The DDoS (distributed denial of service) attacks are continuing to evolve in the Middle East and show a continuation of extremely high volume attacks.
DDoS attack means an attacker sends too much traffic to a server beyond it can handle and the server goes offline.
Darren Anstee, Chief Security Technologist at Arbor Networks, told Gulf News that the attackers use large volume of traffic to cut their targets off from the internet. The number of attacks in the first half of the year rose to 61,937 compared to 29,326 in 2014.
He said the majority of very large attacks leverage a technique known as reflection amplification, accounting for 33.5 per cent.
Reflection amplification is a technique that allows an attacker to both magnify the amount of traffic they can generate, and complicate the original sources of that attack traffic.
“We will continue to see reflection amplification a big thing by attackers to achieve their goals,” he said.
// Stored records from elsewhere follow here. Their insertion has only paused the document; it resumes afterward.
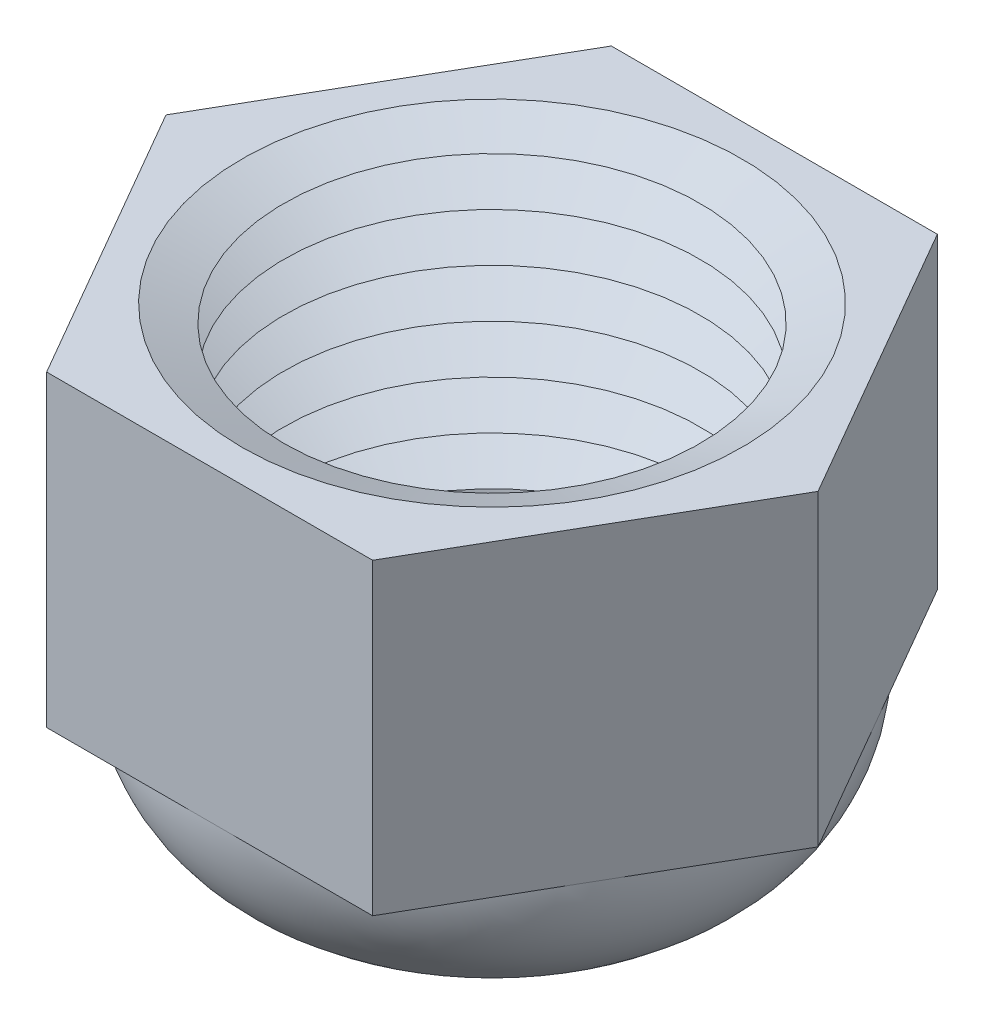
ISO-10303-21;
HEADER;
FILE_DESCRIPTION(('STEP AP214'),'2;1');
FILE_NAME('part.step','',(''),(''),'','','');
FILE_SCHEMA(('AUTOMOTIVE_DESIGN { 1 0 10303 214 1 1 1 1 }'));
ENDSEC;
DATA;
#1=APPLICATION_CONTEXT('core data for automotive mechanical design processes');
#2=APPLICATION_PROTOCOL_DEFINITION('international standard','automotive_design',2000,#1);
#3=PRODUCT_CONTEXT('',#1,'mechanical');
#4=PRODUCT('Part','Part','',(#3));
#5=PRODUCT_RELATED_PRODUCT_CATEGORY('part','',(#4));
#6=PRODUCT_DEFINITION_FORMATION('','',#4);
#7=PRODUCT_DEFINITION_CONTEXT('part definition',#1,'design');
#8=PRODUCT_DEFINITION('design','',#6,#7);
#9=PRODUCT_DEFINITION_SHAPE('','',#8);
#10=(LENGTH_UNIT() NAMED_UNIT(*) SI_UNIT(.MILLI.,.METRE.));
#11=(NAMED_UNIT(*) PLANE_ANGLE_UNIT() SI_UNIT($,.RADIAN.));
#12=(NAMED_UNIT(*) SI_UNIT($,.STERADIAN.) SOLID_ANGLE_UNIT());
#13=UNCERTAINTY_MEASURE_WITH_UNIT(LENGTH_MEASURE(1.E-05),#10,'distance_accuracy_value','');
#14=(GEOMETRIC_REPRESENTATION_CONTEXT(3) GLOBAL_UNCERTAINTY_ASSIGNED_CONTEXT((#13)) GLOBAL_UNIT_ASSIGNED_CONTEXT((#10,
#11,#12)) REPRESENTATION_CONTEXT('',''));
#15=CARTESIAN_POINT('',(0.,0.,0.));
#16=DIRECTION('',(0.,0.,1.));
#17=DIRECTION('',(1.,0.,0.));
#18=AXIS2_PLACEMENT_3D('',#15,#16,#17);
#19=CARTESIAN_POINT('',(10.9696551146029,-5.18,0.));
#20=DIRECTION('',(0.,1.,0.));
#21=DIRECTION('',(0.,0.,1.));
#22=AXIS2_PLACEMENT_3D('',#19,#20,#21);
#23=PLANE('',#22);
#24=CARTESIAN_POINT('',(0.,-5.18,0.));
#25=DIRECTION('',(0.,-1.,0.));
#26=DIRECTION('',(0.,0.,-1.));
#27=AXIS2_PLACEMENT_3D('',#24,#25,#26);
#28=CIRCLE('',#27,9.50000000000001);
#29=CARTESIAN_POINT('',(0.,-5.18,-9.50000000000001));
#30=VERTEX_POINT('',#29);
#31=CARTESIAN_POINT('',(8.22724133595217,-5.18,-4.75));
#32=VERTEX_POINT('',#31);
#33=EDGE_CURVE('E127',#30,#32,#28,.T.);
#34=ORIENTED_EDGE('',*,*,#33,.F.);
#35=DIRECTION('',(-1.,0.,0.));
#36=VECTOR('',#35,1.);
#37=CARTESIAN_POINT('',(5.48482755730144,-5.18,-9.50000000000002));
#38=LINE('',#37,#36);
#39=CARTESIAN_POINT('',(5.48482755730144,-5.18,-9.50000000000002));
#40=VERTEX_POINT('',#39);
#41=EDGE_CURVE('E105',#40,#30,#38,.T.);
#42=ORIENTED_EDGE('',*,*,#41,.F.);
#43=DIRECTION('',(-0.5,0.,-0.866025403784439));
#44=VECTOR('',#43,1.);
#45=CARTESIAN_POINT('',(10.9696551146029,-5.18,0.));
#46=LINE('',#45,#44);
#47=EDGE_CURVE('E128',#32,#40,#46,.T.);
#48=ORIENTED_EDGE('',*,*,#47,.F.);
#49=EDGE_LOOP('',(#34,#42,#48));
#50=FACE_BOUND('',#49,.T.);
#51=ADVANCED_FACE('F32',(#50),#23,.F.);
#52=CARTESIAN_POINT('',(8.22724133595217,-5.18,4.75));
#53=VERTEX_POINT('',#52);
#54=EDGE_CURVE('E40',#32,#53,#28,.T.);
#55=ORIENTED_EDGE('',*,*,#54,.F.);
#56=CARTESIAN_POINT('',(10.9696551146029,-5.18,0.));
#57=VERTEX_POINT('',#56);
#58=EDGE_CURVE('E125',#57,#32,#46,.T.);
#59=ORIENTED_EDGE('',*,*,#58,.F.);
#60=DIRECTION('',(0.5,0.,-0.866025403784439));
#61=VECTOR('',#60,1.);
#62=CARTESIAN_POINT('',(5.48482755730145,-5.18,9.50000000000001));
#63=LINE('',#62,#61);
#64=EDGE_CURVE('E180',#53,#57,#63,.T.);
#65=ORIENTED_EDGE('',*,*,#64,.F.);
#66=EDGE_LOOP('',(#55,#59,#65));
#67=FACE_BOUND('',#66,.T.);
#68=ADVANCED_FACE('F236',(#67),#23,.F.);
#69=CARTESIAN_POINT('',(0.,-5.18,9.50000000000001));
#70=VERTEX_POINT('',#69);
#71=EDGE_CURVE('E269',#53,#70,#28,.T.);
#72=ORIENTED_EDGE('',*,*,#71,.F.);
#73=CARTESIAN_POINT('',(5.48482755730145,-5.18,9.50000000000001));
#74=VERTEX_POINT('',#73);
#75=EDGE_CURVE('E196',#74,#53,#63,.T.);
#76=ORIENTED_EDGE('',*,*,#75,.F.);
#77=DIRECTION('',(1.,0.,0.));
#78=VECTOR('',#77,1.);
#79=CARTESIAN_POINT('',(-5.48482755730145,-5.18,9.50000000000001));
#80=LINE('',#79,#78);
#81=EDGE_CURVE('E205',#70,#74,#80,.T.);
#82=ORIENTED_EDGE('',*,*,#81,.F.);
#83=EDGE_LOOP('',(#72,#76,#82));
#84=FACE_BOUND('',#83,.T.);
#85=ADVANCED_FACE('F241',(#84),#23,.F.);
#86=CARTESIAN_POINT('',(-8.22724133595218,-5.18,4.75000000000001));
#87=VERTEX_POINT('',#86);
#88=EDGE_CURVE('E135',#70,#87,#28,.T.);
#89=ORIENTED_EDGE('',*,*,#88,.F.);
#90=CARTESIAN_POINT('',(-5.48482755730145,-5.18,9.50000000000001));
#91=VERTEX_POINT('',#90);
#92=EDGE_CURVE('E185',#91,#70,#80,.T.);
#93=ORIENTED_EDGE('',*,*,#92,.F.);
#94=DIRECTION('',(0.5,0.,0.866025403784439));
#95=VECTOR('',#94,1.);
#96=CARTESIAN_POINT('',(-10.9696551146029,-5.18,0.));
#97=LINE('',#96,#95);
#98=EDGE_CURVE('E201',#87,#91,#97,.T.);
#99=ORIENTED_EDGE('',*,*,#98,.F.);
#100=EDGE_LOOP('',(#89,#93,#99));
#101=FACE_BOUND('',#100,.T.);
#102=ADVANCED_FACE('F253',(#101),#23,.F.);
#103=CARTESIAN_POINT('',(-8.22724133595218,-5.18,-4.75));
#104=VERTEX_POINT('',#103);
#105=EDGE_CURVE('E54',#87,#104,#28,.T.);
#106=ORIENTED_EDGE('',*,*,#105,.F.);
#107=CARTESIAN_POINT('',(-10.9696551146029,-5.18,0.));
#108=VERTEX_POINT('',#107);
#109=EDGE_CURVE('E202',#108,#87,#97,.T.);
#110=ORIENTED_EDGE('',*,*,#109,.F.);
#111=DIRECTION('',(-0.5,0.,0.866025403784439));
#112=VECTOR('',#111,1.);
#113=CARTESIAN_POINT('',(-5.48482755730145,-5.18,-9.50000000000002));
#114=LINE('',#113,#112);
#115=EDGE_CURVE('E116',#104,#108,#114,.T.);
#116=ORIENTED_EDGE('',*,*,#115,.F.);
#117=EDGE_LOOP('',(#106,#110,#116));
#118=FACE_BOUND('',#117,.T.);
#119=ADVANCED_FACE('F246',(#118),#23,.F.);
#120=EDGE_CURVE('E121',#104,#30,#28,.T.);
#121=ORIENTED_EDGE('',*,*,#120,.F.);
#122=CARTESIAN_POINT('',(-5.48482755730145,-5.18,-9.50000000000002));
#123=VERTEX_POINT('',#122);
#124=EDGE_CURVE('E124',#123,#104,#114,.T.);
#125=ORIENTED_EDGE('',*,*,#124,.F.);
#126=EDGE_CURVE('E109',#30,#123,#38,.T.);
#127=ORIENTED_EDGE('',*,*,#126,.F.);
#128=EDGE_LOOP('',(#121,#125,#127));
#129=FACE_BOUND('',#128,.T.);
#130=ADVANCED_FACE('F120',(#129),#23,.F.);
#131=CARTESIAN_POINT('',(5.48482755730145,5.18,9.50000000000001));
#132=DIRECTION('',(-0.866025403784439,0.,-0.5));
#133=DIRECTION('',(-0.5,0.,0.866025403784439));
#134=AXIS2_PLACEMENT_3D('',#131,#132,#133);
#135=PLANE('',#134);
#136=ORIENTED_EDGE('',*,*,#75,.T.);
#137=ORIENTED_EDGE('',*,*,#64,.T.);
#138=DIRECTION('',(0.,-1.,0.));
#139=VECTOR('',#138,1.);
#140=CARTESIAN_POINT('',(10.9696551146029,5.18,0.));
#141=LINE('',#140,#139);
#142=CARTESIAN_POINT('',(10.9696551146029,5.18,0.));
#143=VERTEX_POINT('',#142);
#144=EDGE_CURVE('E134',#143,#57,#141,.T.);
#145=ORIENTED_EDGE('',*,*,#144,.F.);
#146=DIRECTION('',(0.5,0.,-0.866025403784439));
#147=VECTOR('',#146,1.);
#148=CARTESIAN_POINT('',(5.48482755730145,5.18,9.50000000000001));
#149=LINE('',#148,#147);
#150=CARTESIAN_POINT('',(5.48482755730145,5.18,9.50000000000001));
#151=VERTEX_POINT('',#150);
#152=EDGE_CURVE('E181',#151,#143,#149,.T.);
#153=ORIENTED_EDGE('',*,*,#152,.F.);
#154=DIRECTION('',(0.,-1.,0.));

The maximum attack size was less than 59Gbps in the first half compared to 84.36Gbps in 2014 but he said that the average duration of attack in the Middle East is double that of the global overage of one hour.
“85.8 per cent of events lasted less than one hour while 7.75 per cent of attacks lasted more than 12 hours — much higher than global level of 1.5 per cent,” he said.
The top three producers of DDoS attacks in the second quarter of this year were the US, the UK and China.
Saudi Arabia is the top target country in the first half of this year, responsible for 40 per cent of the attacks while 20 per cent of the attacks targeted Kuwait and Jordan by 10.4 per cent. Only 2.4 per cent of the attacks targeted the UAE.
In the first half, 181 attacks were over 10Gbps and 58 over 20Gbps. 27.5 per cent of the attacks were over 1Gbps compared to 20.8 per cent worldwide.
In 2014, over 500 attacks over 10Gbps targeted Middle East, 134 of them over 20Gbps.
“Middle East region shows much higher proportions of attacks in the 1-5Gbps range. Peak attack sizes look to have fallen back in the Middle East between January and May but they are slowly trending up over time.
“We recommend a multilayered defence of protection to fully protect from DDos attacks, one that integrates on-premise protection against application-layer attacks with cloud-based protection against higher magnitude volumetric attacks,” he said.